Marc got the diesel heater manual, read it cover to cover. How he has the attention span for that sort of thing, I’ll never know. Now he understands intimately and can explain every little piece to me. Yay for Husband! Do you think if there was a manual to a pregnant woman’s psyche, he would cling to it the same way? Poor guy…

Long story short, the diesel heater is working now! Yes, we have heat in our tiny floating house. This means that I can start unpacking the kitchen (or the galley, excuse me) and I can look at moving aboard. Keep in mind, there is still no hot water so I’m not rushings things here. Let’s be realistic. I am only a little princessy and I blame it entirely on the pregnancy. I prefer hot water… But I do have a propane stove that works to heat water. Camping in rainy September, I may be able to suck it up and do it. I may linger at the guest cabin with my microwave and my refridgerator, and my hot hot water… It’s so luxurious!

Anyway, I had a midwife appointment and little Wombeo is doing fantastic. Growing at a reasonable but still small size. (yay for small babies.) And he/she has learned a new trick, it’s called sticking-your-foot-into-mommy’s-bladder-to-see-if-she-makes-more-room-for-you-by-peeing. Oh yeah it’s a fun game, especially if you’re at work trying to help a client and you get jabbed and need to pee immediately!

Still no sign of Ramona. And honestly I’m having trouble keeping up the stamina to continue going up to our ex-farm and looking for her. It’s so discouraging to venture up there and see my tomatoes starting to ripen, to see the garden growing or dying and know that it’s just not ours anymore. I feel like I have to cut ties with the house so I can really get excited about the boat. But with our little kitty still possibly wandering the fields up there, when do we stop searching and move on? When is it appropriate to give up hope?

Soon I will be posting photos of the inside of the boat for your viewing pleasure. I did want to thank each of you for your beautiful comments over the last couple weeks. They have buoyed my spirits and really been an encouragement. So Thank you Thank you Thank you!

Happy Monday!

The next stage

I’m not one for settling into a predictable boring life. There is a lot I have to do to maintain a friendship with myself. For example, last year, our car was on it’s last wheels so to speak, and instead of buying a car with the money in  our tiny bank account, we bought a little boat. Still a mode of transportation, we figured. It didn’t help that our car died in the next 6 months. But things tend to work out.

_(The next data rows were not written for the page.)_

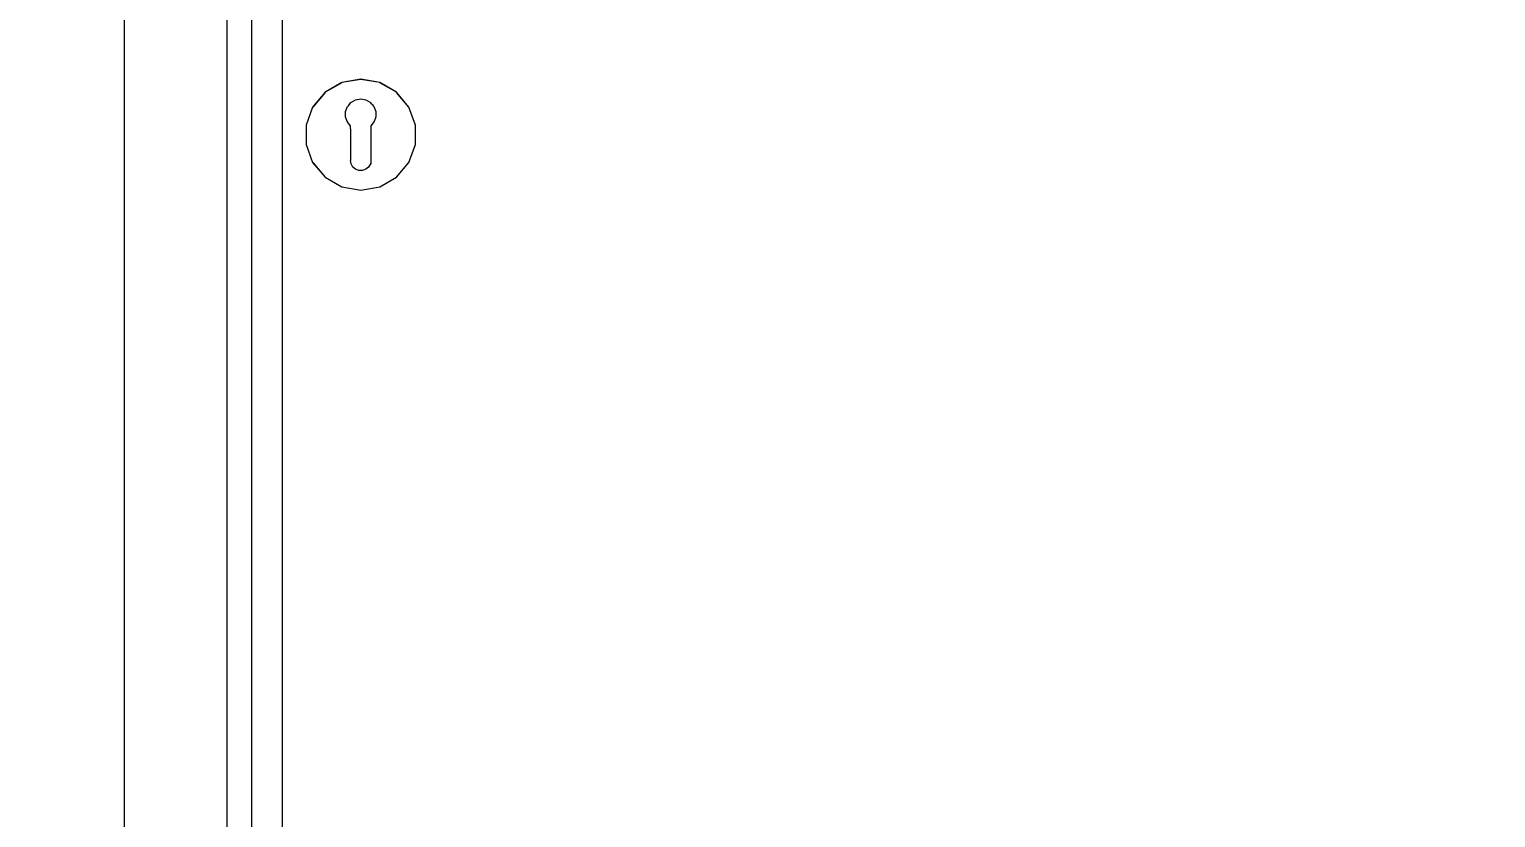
# Model space of a CAD drawing. Header units: millimetres. Extents: x -15634 to 67596, y -3027 to 55843.
# Drawn here: x 11261 to 11974, y 27263 to 27647 of the extents above; entities that cross this region are included whole.
import ezdxf

# ---------------------------------------------------------------- set-up
doc = ezdxf.new("R2010")
doc.units = ezdxf.units.MM
doc.header["$MEASUREMENT"] = 0
doc.set_wipeout_variables(frame=1)
doc.linetypes.add('Wipeout_Contour', pattern=[1000, 0, -1000])
doc.layers.add('Dimensioning - General', color=7, linetype='Continuous')
doc.layers.add('Structural - Bearing', color=7, linetype='Continuous')
for name, color, linetype, lineweight, true_color in [('Dimensioning - General_Pen_No__61', 7, 'Continuous', 20, 0x6a6a6a), ('Dimensioning - General_Pen_No__88', 7, 'Continuous', 20, 0xfd4435), ('Structural - Bearing_Pen_No__82', 7, 'Continuous', 20, 0xaaaaaa)]:
    doc.layers.add(name, color=color, linetype=linetype, lineweight=lineweight, true_color=true_color)
doc.styles.add('GENERATED_STYLE_6', font='calibril.ttf')
doc.dimstyles.new('GENERATED_STYLE__3', dxfattribs={"dimtxt": 195.999997, "dimasz": 106.4, "dimexe": 0.18, "dimexo": 0.0625, "dimgap": 0.09, "dimtad": 1, "dimdec": 0, "dimlfac": 0.1, "dimzin": 0, "dimdsep": 46, "dimtxsty": 'GENERATED_STYLE_6', "dimblk": 'ARROWHEAD_2', "dimblk1": 'ARROWHEAD_2', "dimblk2": 'ARROWHEAD_2', "dimcen": 0.09, "dimse1": 1, "dimse2": 1, "dimclrd": 256, "dimclre": 256, "dimclrt": 256, "dimadec": 0, "dimazin": 0, "dimtfac": 1, "dimtdec": 4, "dimtmove": 0, "dimatfit": 3, "dimfxl": 1, "dimtolj": 1, "dimtzin": 0, "dimarcsym": 0})

# ---------------------------------------------------------------- blocks, each defined once
blk = doc.blocks.new('*D53')
at = {"layer": 'Dimensioning - General_Pen_No__61', "color": 251, "linetype": 'Continuous', "lineweight": 20, "true_color": 0x6a6a6a, "transparency": 16777216}
for p, q in [((27454.43, 29336.02), (27594.43, 29255.19)), ((27629.43, 29295.6), (27419.43, 29295.6)), ((27524.43, 26595.6), (27524.43, 29295.6)), ((27454.43, 26636.02), (27594.43, 26555.19)), ((27629.43, 26595.6), (27419.43, 26595.6))]:
    blk.add_line(p, q, dxfattribs=at)
at = {"layer": 'Dimensioning - General_Pen_No__88', "color": 20, "lineweight": 20, "true_color": 0xfd4435, "transparency": 16777216, "char_height": 196, "attachment_point": 7, "rotation": 90, "style": 'GENERATED_STYLE_6'}
for s, insert in [('\\A1;{\\pql;\\fCalibri Light|b0|i0|c0|p34;20}', (27485.23, 28937.36)), ('\\A1;{\\pql;\\fCalibri Light|b0|i0|c0|p34;270}', (27485.23, 27707.27))]:
    blk.add_mtext(s, dxfattribs=dict(at, insert=insert))
blk = doc.blocks.new('ARROWHEAD_2')
at = {"color": 0, "linetype": 'Continuous', "lineweight": 0}
for p, q in [((-0.3781, -0.655), (0.3781, 0.655)), ((0, 0), (-1, 0))]:
    blk.add_line(p, q, dxfattribs=at)
blk = doc.blocks.new('*D101')
at = {"layer": 'Dimensioning - General_Pen_No__61', "color": 251, "linetype": 'Continuous', "lineweight": 20, "true_color": 0x6a6a6a, "transparency": 16777216}
for p, q in [((28004.43, 29336.02), (28144.43, 29255.19)), ((28179.43, 29295.6), (27969.43, 29295.6)), ((28074.43, 26595.6), (28074.43, 29295.6)), ((28004.43, 26636.02), (28144.43, 26555.19)), ((28179.43, 26595.6), (27969.43, 26595.6))]:
    blk.add_line(p, q, dxfattribs=at)
at = {"layer": 'Dimensioning - General_Pen_No__88', "color": 20, "lineweight": 20, "true_color": 0xfd4435, "transparency": 16777216, "char_height": 196, "attachment_point": 7, "rotation": 90, "style": 'GENERATED_STYLE_6'}
for s, insert in [('\\A1;{\\pql;\\fCalibri Light|b0|i0|c0|p34;20}', (28035.23, 28937.36)), ('\\A1;{\\pql;\\fCalibri Light|b0|i0|c0|p34;270}', (28035.23, 27707.27))]:
    blk.add_mtext(s, dxfattribs=dict(at, insert=insert))
blk = doc.blocks.new('*D129')
at = {"layer": 'Dimensioning - General_Pen_No__61', "color": 251, "linetype": 'Continuous', "lineweight": 20, "true_color": 0x6a6a6a, "transparency": 16777216}
for p, q in [((28554.43, 29536.02), (28694.43, 29455.19)), ((28729.43, 29495.6), (28519.43, 29495.6)), ((28624.43, 26595.6), (28624.43, 29495.6)), ((28554.43, 26636.02), (28694.43, 26555.19)), ((28729.43, 26595.6), (28519.43, 26595.6))]:
    blk.add_line(p, q, dxfattribs=at)
at = {"layer": 'Dimensioning - General_Pen_No__88', "color": 20, "lineweight": 20, "true_color": 0xfd4435, "transparency": 16777216, "insert": (28585.23, 27807.27), "char_height": 196, "attachment_point": 7, "rotation": 90, "style": 'GENERATED_STYLE_6'}
blk.add_mtext('\\A1;{\\pql;\\fCalibri Light|b0|i0|c0|p34;290}', dxfattribs=at)
blk = doc.blocks.new('*D149')
at = {"layer": 'Dimensioning - General_Pen_No__61', "color": 251, "linetype": 'Continuous', "lineweight": 20, "true_color": 0x6a6a6a, "transparency": 16777216}
for p, q in [((34964.93, 29336.02), (35104.93, 29255.19)), ((35139.93, 29295.6), (34929.93, 29295.6)), ((35034.93, 26595.6), (35034.93, 29295.6)), ((34964.93, 26636.02), (35104.93, 26555.19)), ((35139.93, 26595.6), (34929.93, 26595.6))]:
    blk.add_line(p, q, dxfattribs=at)
at = {"layer": 'Dimensioning - General_Pen_No__88', "color": 20, "lineweight": 20, "true_color": 0xfd4435, "transparency": 16777216, "char_height": 196, "attachment_point": 7, "rotation": 90, "style": 'GENERATED_STYLE_6'}
for s, insert in [('\\A1;{\\pql;\\fCalibri Light|b0|i0|c0|p34;20}', (34995.73, 28937.36)), ('\\A1;{\\pql;\\fCalibri Light|b0|i0|c0|p34;270}', (34995.73, 27707.27))]:
    blk.add_mtext(s, dxfattribs=dict(at, insert=insert))
blk = doc.blocks.new('*D197')
at = {"layer": 'Dimensioning - General_Pen_No__61', "color": 251, "linetype": 'Continuous', "lineweight": 20, "true_color": 0x6a6a6a, "transparency": 16777216}
for p, q in [((35514.93, 29336.02), (35654.93, 29255.19)), ((35689.93, 29295.6), (35479.93, 29295.6)), ((35584.93, 26595.6), (35584.93, 29295.6)), ((35514.93, 26636.02), (35654.93, 26555.19)), ((35689.93, 26595.6), (35479.93, 26595.6))]:
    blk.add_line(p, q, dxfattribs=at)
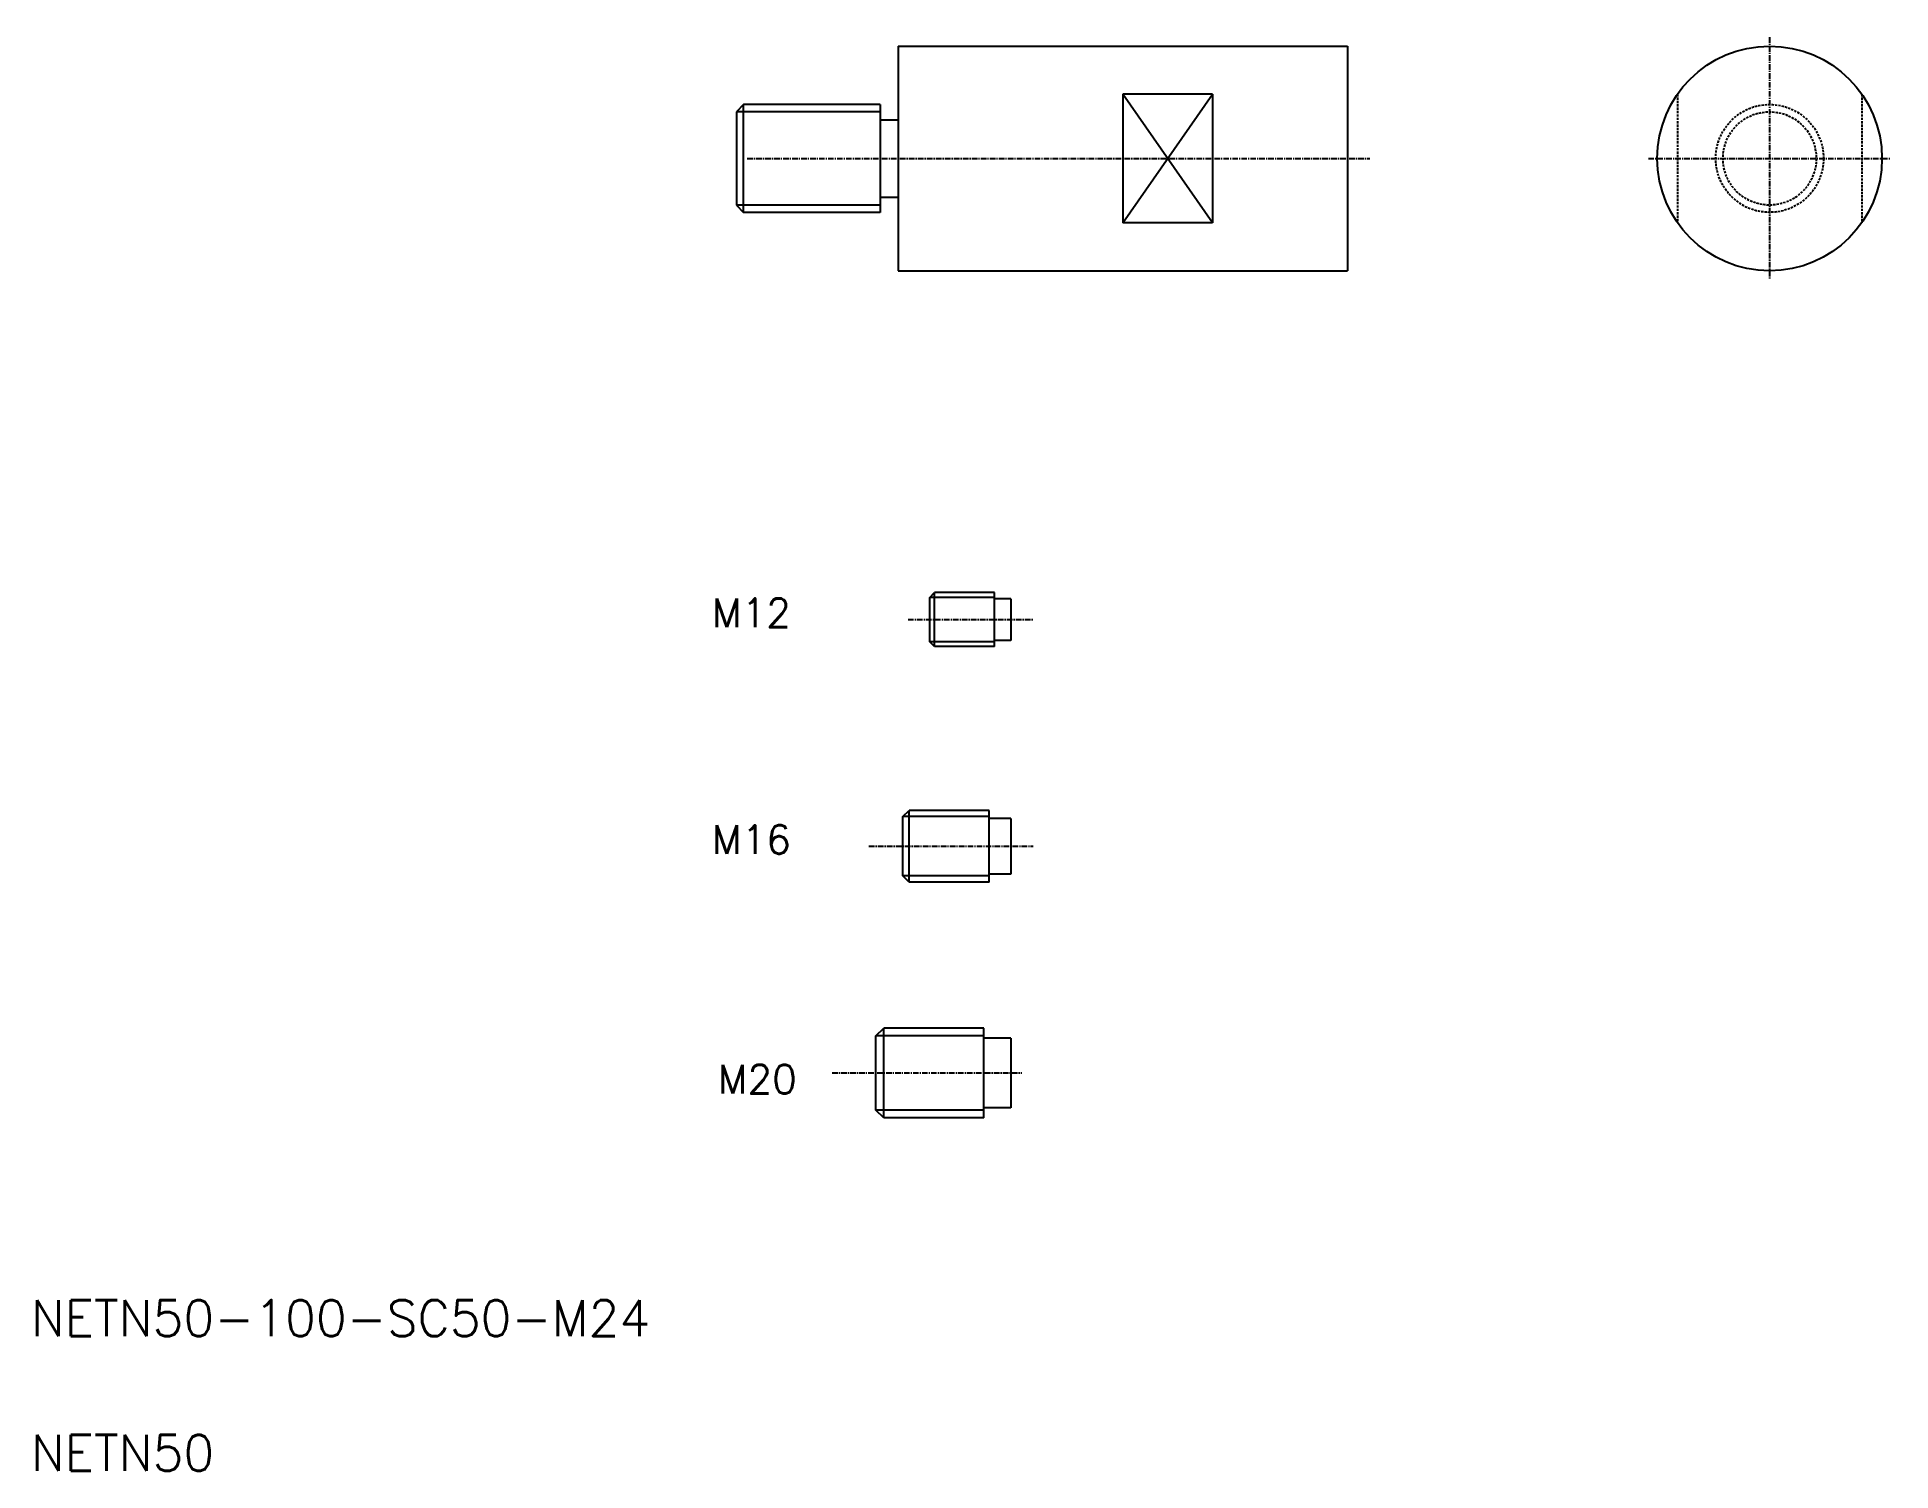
# Model space of a CAD drawing. Extents: x 21 to 434, y 20 to 339.
import ezdxf

# ---------------------------------------------------------------- set-up
doc = ezdxf.new("R2010")
doc.units = 0
doc.linetypes.add('CENTER', pattern=[2, 1.25, -0.25, 0.25, -0.25])
doc.linetypes.add('DASHED', pattern=[0.75, 0.5, -0.25])
doc.layers.get('0').update_dxf_attribs({"linetype": 'CONTINUOUS'})
doc.layers.add('CENTER', color=1, linetype='CENTER')
doc.styles.add('BIGFONT', font='txt.shx', dxfattribs={"height": 6.4, "bigfont": 'bigfont'})
doc.styles.get("Standard").update_dxf_attribs({"font": 'txt', "bigfont": 'BIGFONT'})

# ---------------------------------------------------------------- blocks, each defined once
blk = doc.blocks.new('A$C719F007C')
at = {"linetype": 'CONTINUOUS'}
for p, q in [((-34.38, 12), (-36, 10.38)), ((-36, 10.38), (-36, -10.38)), ((-4, 12), (-34.38, 12)), ((-34.38, -12), (-34.38, 12)), ((-4, 12), (-4, -12)), ((-4, 8.6), (0, 8.6)), ((-36, -10.38), (-34.38, -12)), ((-4, -12), (-34.38, -12)), ((-4, -8.6), (0, -8.6))]:
    blk.add_line(p, q, dxfattribs=at)
at = {"color": 3, "linetype": 'CONTINUOUS'}
for p, q in [((-4, 10.38), (-36, 10.38)), ((-4, -10.38), (-36, -10.38))]:
    blk.add_line(p, q, dxfattribs=at)

msp = doc.modelspace()

# ---------------------------------------------------------------- linework, layer by layer
at = {"color": 7, "linetype": 'CONTINUOUS'}
for p, q in [((213.03, 337.05), (313.03, 337.05)), ((213.03, 337.05), (213.03, 287.05)), ((313.03, 337.05), (313.03, 287.05)), ((263.03, 326.36), (263.03, 297.75)), ((283.03, 326.36), (263.03, 326.36)), ((283.03, 326.36), (283.03, 297.75)), ((283.03, 297.75), (263.03, 297.75)), ((213.03, 287.05), (313.03, 287.05)), ((220.09, 214.38), (221.14, 215.43)), ((234.49, 215.43), (221.14, 215.43)), ((221.14, 203.43), (221.14, 215.43)), ((234.49, 203.43), (234.49, 215.43)), ((220.09, 204.48), (220.09, 214.38)), ((238.09, 214.08), (234.49, 214.08)), ((238.09, 214.08), (238.09, 204.78)), ((221.14, 203.43), (220.09, 204.48)), ((234.49, 203.43), (221.14, 203.43)), ((238.09, 204.78), (234.49, 204.78)), ((214.09, 165.59), (215.49, 166.99)), ((214.09, 152.39), (214.09, 165.59)), ((215.49, 150.99), (215.49, 166.99)), ((233.29, 166.99), (215.49, 166.99)), ((233.29, 150.99), (233.29, 166.99)), ((238.09, 165.19), (233.29, 165.19)), ((238.09, 165.19), (238.09, 152.79)), ((238.09, 152.79), (233.29, 152.79)), ((215.49, 150.99), (214.09, 152.39)), ((233.29, 150.99), (215.49, 150.99)), ((208.09, 116.8), (209.84, 118.55)), ((208.09, 100.3), (208.09, 116.8)), ((232.09, 118.55), (209.84, 118.55)), ((209.84, 98.55), (209.84, 118.55)), ((232.09, 98.55), (232.09, 118.55)), ((238.09, 116.3), (232.09, 116.3)), ((238.09, 116.3), (238.09, 100.8)), ((209.84, 98.55), (208.09, 100.3)), ((238.09, 100.8), (232.09, 100.8)), ((232.09, 98.55), (209.84, 98.55))]:
    msp.add_line(p, q, dxfattribs=at)
at = {"color": 3, "linetype": 'CONTINUOUS'}
for p, q in [((263.03, 297.75), (283.03, 326.36)), ((283.03, 297.75), (263.03, 326.36)), ((234.49, 214.38), (220.09, 214.38)), ((234.49, 204.48), (220.09, 204.48)), ((233.29, 165.59), (214.09, 165.59)), ((233.29, 152.39), (214.09, 152.39)), ((232.09, 116.8), (208.09, 116.8)), ((232.09, 100.3), (208.09, 100.3))]:
    msp.add_line(p, q, dxfattribs=at)
at = {"color": 3, "linetype": 'DASHED'}
for p, q in [((386.52, 326.36), (386.52, 297.75)), ((427.52, 326.36), (427.52, 297.75))]:
    msp.add_line(p, q, dxfattribs=at)
at = {"color": 7, "linetype": 'CONTINUOUS'}
msp.add_circle((407.02, 312.05), 25, dxfattribs=at)
at = {"color": 3, "linetype": 'DASHED'}
for radius in [12, 10.38]:
    msp.add_circle((407.02, 312.05), radius, dxfattribs=at)
at = {"layer": 'CENTER', "color": 1, "linetype": 'CENTER'}
for p, q in [((407.02, 339.05), (407.02, 285.05)), ((179.43, 312.05), (318.03, 312.05)), ((380.02, 312.05), (434.02, 312.05)), ((215.23, 209.43), (243.09, 209.43)), ((206.52, 158.99), (243.09, 158.99)), ((198.35, 108.55), (240.58, 108.55))]:
    msp.add_line(p, q, dxfattribs=at)

# ---------------------------------------------------------------- block references
at = {"color": 7, "linetype": 'CONTINUOUS'}
msp.add_blockref('A$C719F007C', (213.03, 312.05), dxfattribs=at)

# ---------------------------------------------------------------- texts
at = {"color": 7, "linetype": 'CONTINUOUS', "style": 'BIGFONT'}
for s, p in [('M12', (171.61, 207.73)), ('M16', (171.61, 157.29))]:
    msp.add_text(s, height=6.4, dxfattribs=at).set_placement(p)
at = {"color": 7, "linetype": 'CONTINUOUS'}
for s, height, p in [('M20', 6.4, (172.92, 103.96)), ('NETN50-100-SC50-M24', 8, (20, 50)), ('NETN50', 8, (20, 20))]:
    msp.add_text(s, height=height, dxfattribs=at).set_placement(p)

doc.saveas('drawing.dxf')

My point in that story, was that I have to do adventurous things to maintain a friendship with myself. I have to be able to look at my life and find myself interesting. I like change and adventuring, unless- apparently, I’m pregnant. If I’m pregnant, I prefer being boring. I prefer nesting into a cozy little hole and piling the blankets around my head and reading classic pregnancy books like “The Guide to Childbirth” and “The Active Birth” and “Birth Reborn” and “Your Birth, Your Way.” But instead, I am tucking my instincts away, under the pile of blankets, and I am packing my house up into boxes to go to the recycling centre, the Nu-to-U and the dump. I am extracting my treasures and putting them in tupperware boxes with labels like “In Case of Fire, Please Grab First!” and “Manda’s Most Precious Possessions, to be brought into the after-life.”

And we have been avoiding small breakdowns like “All I want is frozen pizza for dinner and we have no pizza pan!” and “Where is the pepper? Don’t tell me we packed the pepper?!”

Yes moving is challenging. But, we now have somewhere to move to. Granted, we will be in limbo for a few weeks as we sort out mooring etc. But, read this: We now have a home!

This is our 47 ft home. It is sitting in Sidney, BC right now, awaiting transport, and awaiting a mooring slip at the dock on Pender. Awaiting a new adventure. From farming to sailing, we are onto a new stage.

Don’t worry, the bees will still be happening. I can’t give up my favourite spatula and half my kitchen appliances and the bees now can I?